# Problème affichage Barre de recherche Google



## benjiko (12 Août 2012)

Bonsoir 

J'ai un souci d'affichage de ma barre de recherche google.
Sur ma première page et certaines pages suivantes.
Seule la première lettre apparait et la liste de proposition google. 
J'ai effectué une capture d'écran de ma première page google.  





Je viens tout juste de réinstaller mon système. 
Si je redémarre mon portable sur mon disque dur externe, mon premier système d'exploitation, la barre de recherche google est impeccable. 

Voilà si quelqu'un à une idée sur ce petit souci assez pénible. 
Merci


----------



## benjiko (13 Août 2012)

et là je tape A sur ma première page google, immédiatement j'obtiens ça :





La barre est toujours compressée et illisible. 
Si je passe par la barre dans l'entête de mon safari, la barre de recherche apparait intégralement.





Pas d'avis ? :rose:


----------



## otgl (13 Août 2012)

Essaie ceci:

Dans le menu de Safari, aller dans Safari > Préférences...
Cliquer sur l'onglet Extensions.
Mettre l'interrupteur à Désactivé.
Maintenant ouvre (ou recharge) la page problématique.
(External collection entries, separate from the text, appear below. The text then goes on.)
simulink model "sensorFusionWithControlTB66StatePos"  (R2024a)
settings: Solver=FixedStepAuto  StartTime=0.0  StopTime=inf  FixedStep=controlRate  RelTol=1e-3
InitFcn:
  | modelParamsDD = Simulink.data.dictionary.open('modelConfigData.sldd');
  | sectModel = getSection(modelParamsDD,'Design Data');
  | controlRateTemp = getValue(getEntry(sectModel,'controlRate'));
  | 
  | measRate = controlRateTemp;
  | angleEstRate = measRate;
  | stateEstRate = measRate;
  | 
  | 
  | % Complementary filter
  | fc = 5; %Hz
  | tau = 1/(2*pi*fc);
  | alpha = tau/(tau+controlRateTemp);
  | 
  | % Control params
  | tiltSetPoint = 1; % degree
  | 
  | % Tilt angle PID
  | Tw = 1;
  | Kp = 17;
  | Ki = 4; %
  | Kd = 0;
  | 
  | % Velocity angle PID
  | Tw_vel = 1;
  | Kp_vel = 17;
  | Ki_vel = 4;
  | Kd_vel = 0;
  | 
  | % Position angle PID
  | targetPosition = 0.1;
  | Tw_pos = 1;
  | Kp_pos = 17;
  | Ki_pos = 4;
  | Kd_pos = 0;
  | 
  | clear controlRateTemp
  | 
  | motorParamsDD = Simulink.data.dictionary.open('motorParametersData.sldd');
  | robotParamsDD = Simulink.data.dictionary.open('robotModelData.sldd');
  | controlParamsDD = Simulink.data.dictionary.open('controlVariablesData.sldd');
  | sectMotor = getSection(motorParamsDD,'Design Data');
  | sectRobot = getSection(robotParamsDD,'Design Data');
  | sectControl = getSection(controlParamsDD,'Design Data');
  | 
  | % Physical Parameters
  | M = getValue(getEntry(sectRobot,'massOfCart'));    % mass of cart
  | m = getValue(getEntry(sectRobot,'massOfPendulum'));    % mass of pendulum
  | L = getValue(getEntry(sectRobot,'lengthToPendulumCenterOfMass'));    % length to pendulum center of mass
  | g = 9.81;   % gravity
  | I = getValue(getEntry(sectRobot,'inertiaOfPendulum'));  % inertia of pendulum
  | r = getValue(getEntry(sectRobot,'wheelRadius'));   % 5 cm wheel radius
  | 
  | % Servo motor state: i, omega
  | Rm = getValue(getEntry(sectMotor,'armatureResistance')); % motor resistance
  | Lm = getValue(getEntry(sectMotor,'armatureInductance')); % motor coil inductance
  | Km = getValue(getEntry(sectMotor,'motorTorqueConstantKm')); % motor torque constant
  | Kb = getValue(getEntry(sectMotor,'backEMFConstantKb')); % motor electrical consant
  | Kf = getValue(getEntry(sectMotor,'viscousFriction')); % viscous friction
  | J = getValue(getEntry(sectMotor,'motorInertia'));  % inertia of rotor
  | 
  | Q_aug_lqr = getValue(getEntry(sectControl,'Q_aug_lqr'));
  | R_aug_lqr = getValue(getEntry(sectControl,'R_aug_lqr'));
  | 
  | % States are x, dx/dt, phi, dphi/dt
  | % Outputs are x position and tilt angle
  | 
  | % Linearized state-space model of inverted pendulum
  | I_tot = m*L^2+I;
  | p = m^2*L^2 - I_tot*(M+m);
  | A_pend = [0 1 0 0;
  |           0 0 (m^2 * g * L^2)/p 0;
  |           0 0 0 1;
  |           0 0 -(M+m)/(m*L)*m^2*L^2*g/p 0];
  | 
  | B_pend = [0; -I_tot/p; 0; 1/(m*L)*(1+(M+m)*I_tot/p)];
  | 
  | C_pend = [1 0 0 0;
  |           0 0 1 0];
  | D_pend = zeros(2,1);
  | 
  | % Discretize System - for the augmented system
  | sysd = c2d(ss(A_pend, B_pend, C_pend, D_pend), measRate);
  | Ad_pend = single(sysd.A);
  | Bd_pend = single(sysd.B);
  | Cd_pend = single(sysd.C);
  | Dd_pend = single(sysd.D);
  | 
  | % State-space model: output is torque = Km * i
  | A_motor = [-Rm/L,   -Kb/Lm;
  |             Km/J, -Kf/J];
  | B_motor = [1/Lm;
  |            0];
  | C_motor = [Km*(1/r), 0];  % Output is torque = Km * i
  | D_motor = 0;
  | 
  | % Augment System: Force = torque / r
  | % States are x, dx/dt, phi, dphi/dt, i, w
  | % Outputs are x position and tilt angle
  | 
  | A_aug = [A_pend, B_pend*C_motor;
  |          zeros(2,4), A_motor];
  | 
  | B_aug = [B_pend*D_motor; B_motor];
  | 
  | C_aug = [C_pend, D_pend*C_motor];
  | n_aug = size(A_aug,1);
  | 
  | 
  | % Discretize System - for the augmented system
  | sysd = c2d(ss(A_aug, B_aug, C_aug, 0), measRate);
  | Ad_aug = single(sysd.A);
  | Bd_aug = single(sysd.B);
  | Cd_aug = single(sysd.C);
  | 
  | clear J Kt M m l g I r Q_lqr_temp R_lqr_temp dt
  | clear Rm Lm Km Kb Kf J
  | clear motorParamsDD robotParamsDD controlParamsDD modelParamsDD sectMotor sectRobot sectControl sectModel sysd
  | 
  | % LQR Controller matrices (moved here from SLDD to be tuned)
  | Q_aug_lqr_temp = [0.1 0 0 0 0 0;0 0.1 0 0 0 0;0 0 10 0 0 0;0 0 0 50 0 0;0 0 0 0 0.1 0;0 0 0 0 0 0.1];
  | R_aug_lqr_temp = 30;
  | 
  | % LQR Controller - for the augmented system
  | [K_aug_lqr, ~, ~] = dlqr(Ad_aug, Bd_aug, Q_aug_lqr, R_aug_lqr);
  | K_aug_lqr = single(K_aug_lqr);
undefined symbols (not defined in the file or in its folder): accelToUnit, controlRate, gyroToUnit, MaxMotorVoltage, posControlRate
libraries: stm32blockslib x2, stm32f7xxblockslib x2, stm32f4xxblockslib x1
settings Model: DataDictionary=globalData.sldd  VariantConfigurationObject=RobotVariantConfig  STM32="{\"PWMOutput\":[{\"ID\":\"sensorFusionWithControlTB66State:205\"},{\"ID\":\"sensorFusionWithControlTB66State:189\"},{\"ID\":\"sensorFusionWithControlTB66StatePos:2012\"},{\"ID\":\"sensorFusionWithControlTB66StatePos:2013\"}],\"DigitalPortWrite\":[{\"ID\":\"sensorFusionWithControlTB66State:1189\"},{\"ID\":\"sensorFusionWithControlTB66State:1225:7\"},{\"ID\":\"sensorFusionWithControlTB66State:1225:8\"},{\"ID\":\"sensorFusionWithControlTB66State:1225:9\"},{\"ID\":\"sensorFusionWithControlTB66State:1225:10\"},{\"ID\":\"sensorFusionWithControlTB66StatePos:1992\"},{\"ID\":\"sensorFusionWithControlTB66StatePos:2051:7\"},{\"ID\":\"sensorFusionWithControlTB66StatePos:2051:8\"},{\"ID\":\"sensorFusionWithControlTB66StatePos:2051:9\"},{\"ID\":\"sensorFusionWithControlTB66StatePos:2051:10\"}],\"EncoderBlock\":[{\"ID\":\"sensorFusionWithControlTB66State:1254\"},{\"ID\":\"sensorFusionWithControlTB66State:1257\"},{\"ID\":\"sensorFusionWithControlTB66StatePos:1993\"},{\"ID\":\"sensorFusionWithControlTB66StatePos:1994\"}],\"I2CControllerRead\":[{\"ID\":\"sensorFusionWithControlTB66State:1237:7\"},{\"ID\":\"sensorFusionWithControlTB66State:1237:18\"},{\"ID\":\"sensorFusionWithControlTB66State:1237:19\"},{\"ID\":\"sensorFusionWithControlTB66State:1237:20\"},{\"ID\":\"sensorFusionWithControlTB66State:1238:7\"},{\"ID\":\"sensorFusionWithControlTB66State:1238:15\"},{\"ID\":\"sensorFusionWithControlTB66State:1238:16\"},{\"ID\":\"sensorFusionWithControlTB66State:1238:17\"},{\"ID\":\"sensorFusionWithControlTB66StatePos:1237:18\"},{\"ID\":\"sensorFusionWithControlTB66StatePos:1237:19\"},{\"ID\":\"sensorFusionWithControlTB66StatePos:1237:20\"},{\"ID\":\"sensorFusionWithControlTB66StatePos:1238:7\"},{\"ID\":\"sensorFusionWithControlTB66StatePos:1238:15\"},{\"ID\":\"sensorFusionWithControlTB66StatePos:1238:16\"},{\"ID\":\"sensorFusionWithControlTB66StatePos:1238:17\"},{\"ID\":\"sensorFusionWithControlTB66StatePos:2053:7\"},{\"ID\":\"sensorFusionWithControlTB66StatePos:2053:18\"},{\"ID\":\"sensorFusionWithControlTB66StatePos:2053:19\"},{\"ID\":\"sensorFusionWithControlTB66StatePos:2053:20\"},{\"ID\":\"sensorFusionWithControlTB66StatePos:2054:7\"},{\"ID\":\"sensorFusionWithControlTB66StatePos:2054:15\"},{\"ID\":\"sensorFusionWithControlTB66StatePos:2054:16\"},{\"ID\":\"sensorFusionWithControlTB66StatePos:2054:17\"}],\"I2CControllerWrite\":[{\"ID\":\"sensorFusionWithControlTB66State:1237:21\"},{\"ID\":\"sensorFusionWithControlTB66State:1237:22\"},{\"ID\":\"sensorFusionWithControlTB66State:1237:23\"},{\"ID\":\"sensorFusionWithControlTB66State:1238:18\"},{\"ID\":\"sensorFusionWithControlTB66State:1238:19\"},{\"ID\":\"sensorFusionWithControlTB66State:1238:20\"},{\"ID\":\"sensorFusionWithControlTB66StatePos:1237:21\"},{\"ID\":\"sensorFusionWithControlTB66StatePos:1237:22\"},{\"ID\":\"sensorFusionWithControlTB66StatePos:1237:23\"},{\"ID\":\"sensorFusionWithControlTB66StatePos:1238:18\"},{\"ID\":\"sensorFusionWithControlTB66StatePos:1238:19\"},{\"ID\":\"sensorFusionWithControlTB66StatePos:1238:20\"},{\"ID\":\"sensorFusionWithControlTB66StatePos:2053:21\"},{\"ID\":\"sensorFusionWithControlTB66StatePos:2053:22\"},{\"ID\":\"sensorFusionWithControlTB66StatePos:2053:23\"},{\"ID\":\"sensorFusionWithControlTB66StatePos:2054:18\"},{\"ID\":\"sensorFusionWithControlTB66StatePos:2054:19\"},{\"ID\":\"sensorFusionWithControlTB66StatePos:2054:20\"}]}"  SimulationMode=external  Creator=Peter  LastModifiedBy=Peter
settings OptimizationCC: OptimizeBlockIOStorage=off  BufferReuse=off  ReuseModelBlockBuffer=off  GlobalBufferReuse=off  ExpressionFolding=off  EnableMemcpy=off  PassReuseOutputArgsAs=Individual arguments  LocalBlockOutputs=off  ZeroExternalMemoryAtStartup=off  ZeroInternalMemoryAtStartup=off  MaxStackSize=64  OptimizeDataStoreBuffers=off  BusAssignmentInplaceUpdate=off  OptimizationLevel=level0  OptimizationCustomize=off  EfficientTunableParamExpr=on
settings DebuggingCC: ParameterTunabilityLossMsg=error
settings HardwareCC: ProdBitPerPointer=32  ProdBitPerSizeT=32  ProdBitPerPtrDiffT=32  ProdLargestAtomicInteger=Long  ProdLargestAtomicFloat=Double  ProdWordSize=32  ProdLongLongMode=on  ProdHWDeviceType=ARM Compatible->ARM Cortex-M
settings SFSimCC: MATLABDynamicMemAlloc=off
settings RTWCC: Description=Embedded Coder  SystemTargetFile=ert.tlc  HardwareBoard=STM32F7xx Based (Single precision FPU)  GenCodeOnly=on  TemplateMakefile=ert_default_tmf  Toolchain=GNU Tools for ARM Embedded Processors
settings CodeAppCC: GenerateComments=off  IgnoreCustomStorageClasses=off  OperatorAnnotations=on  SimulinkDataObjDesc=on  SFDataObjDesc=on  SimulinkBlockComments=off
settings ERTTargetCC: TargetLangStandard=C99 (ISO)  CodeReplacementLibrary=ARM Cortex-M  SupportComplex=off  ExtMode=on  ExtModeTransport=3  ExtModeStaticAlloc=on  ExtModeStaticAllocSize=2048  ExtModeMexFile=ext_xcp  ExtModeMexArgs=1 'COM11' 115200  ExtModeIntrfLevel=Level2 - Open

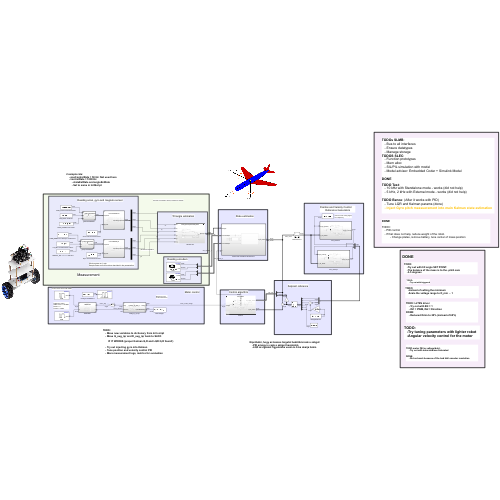
[thumbnail: Simulink's stored preview of the top-level diagram]
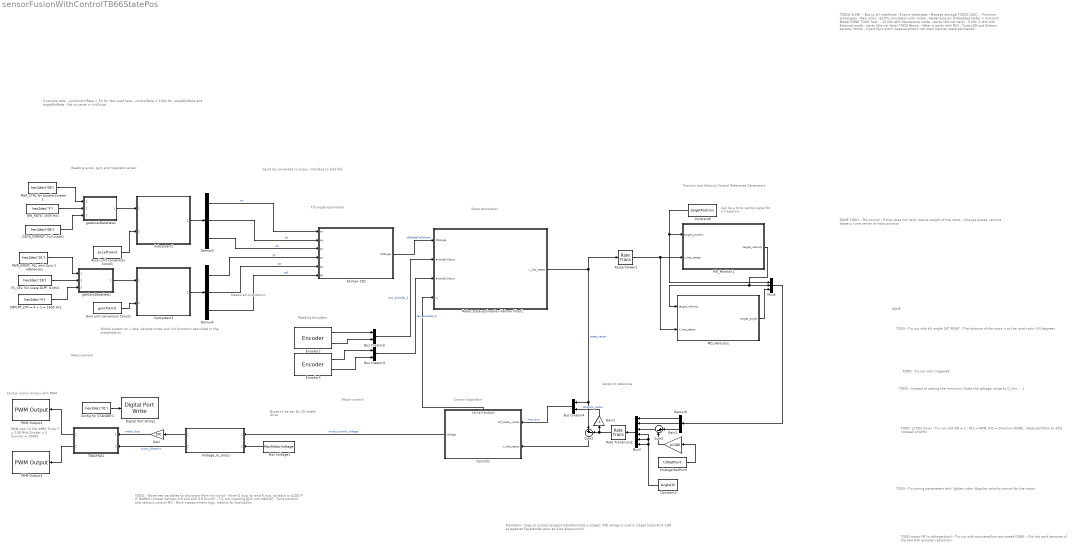
== system sensorFusionWithControlTB66StatePos ==
  note: Control algorithm
  note: Control motor dirvers with PWM
  note: TODO:
      | -Try out with tilt angle SET POINT.
      | -The balance of the mass is to the -pitch axis
      | -3-5 degrees
  note: TODO motor FB (w voltage/duty)
      | - Try out with saturated/non saturated
      |
      | DONE:
      | - Did not work because of the bad Hall encoder resolution
  note: Reading accel, gyro and megneto sensor
  note: Measured orientation
  note: 2 sample rate:
      | - posControlRate = 50 Hz: Not used here
      | - controlRate = 1000 Hz
      | - stateEstRate and angleEstRate
      | - Set to same in InitScript
  note: PWM with 10 kHz
      | APB2 Timer f = 108 MHz
      | Divider = 0
      | Counter = 10800
  note: Measurement
  note: Motor control
  note: Whole system on 1 rate.
      | Sample times and init functions described in the presentation.
  note: Buses to be set
      | for 2D wheel drive
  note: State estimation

Si elle n'est toujours pas affichée correctement, essaie ceci:


Dans le menu de Safari, aller dans Safari > Préférences...
Cliquer sur l'onglet Avancées.
Cocher la case "Afficher le menu Développement", si elle n'est pas cochée.
Dans le menu de Safari, aller dans Développement.
À l'aide de ce menu, activer les styles, JavaScript et les altérations propres aux sites, s'ils ne sont pas activés.
Maintenant ouvre (ou recharge) la page problématique. Si elle n'est toujours pas affichée correctement, essaie ceci:

Dans le menu de Safari, choisir Développement > Vider les caches.


----------



## benjiko (13 Août 2012)

Pas de réussite avec les trois. 
D'autre soucis d'affichage sur wordpress par exemple. 
J'ai téléchargé la dernière version et là plus de soucis.

Encore merci pour ton aide otgl


----------



## etissanan (13 Août 2012)

salut, tiens, j'ai exactement le même pb depuis 24heures! Tu as téléchargé la dernière version de quoi pour tout rétablir? C'est safari qu'il faut mettre à jour?
Merci de ta réponse
A.


----------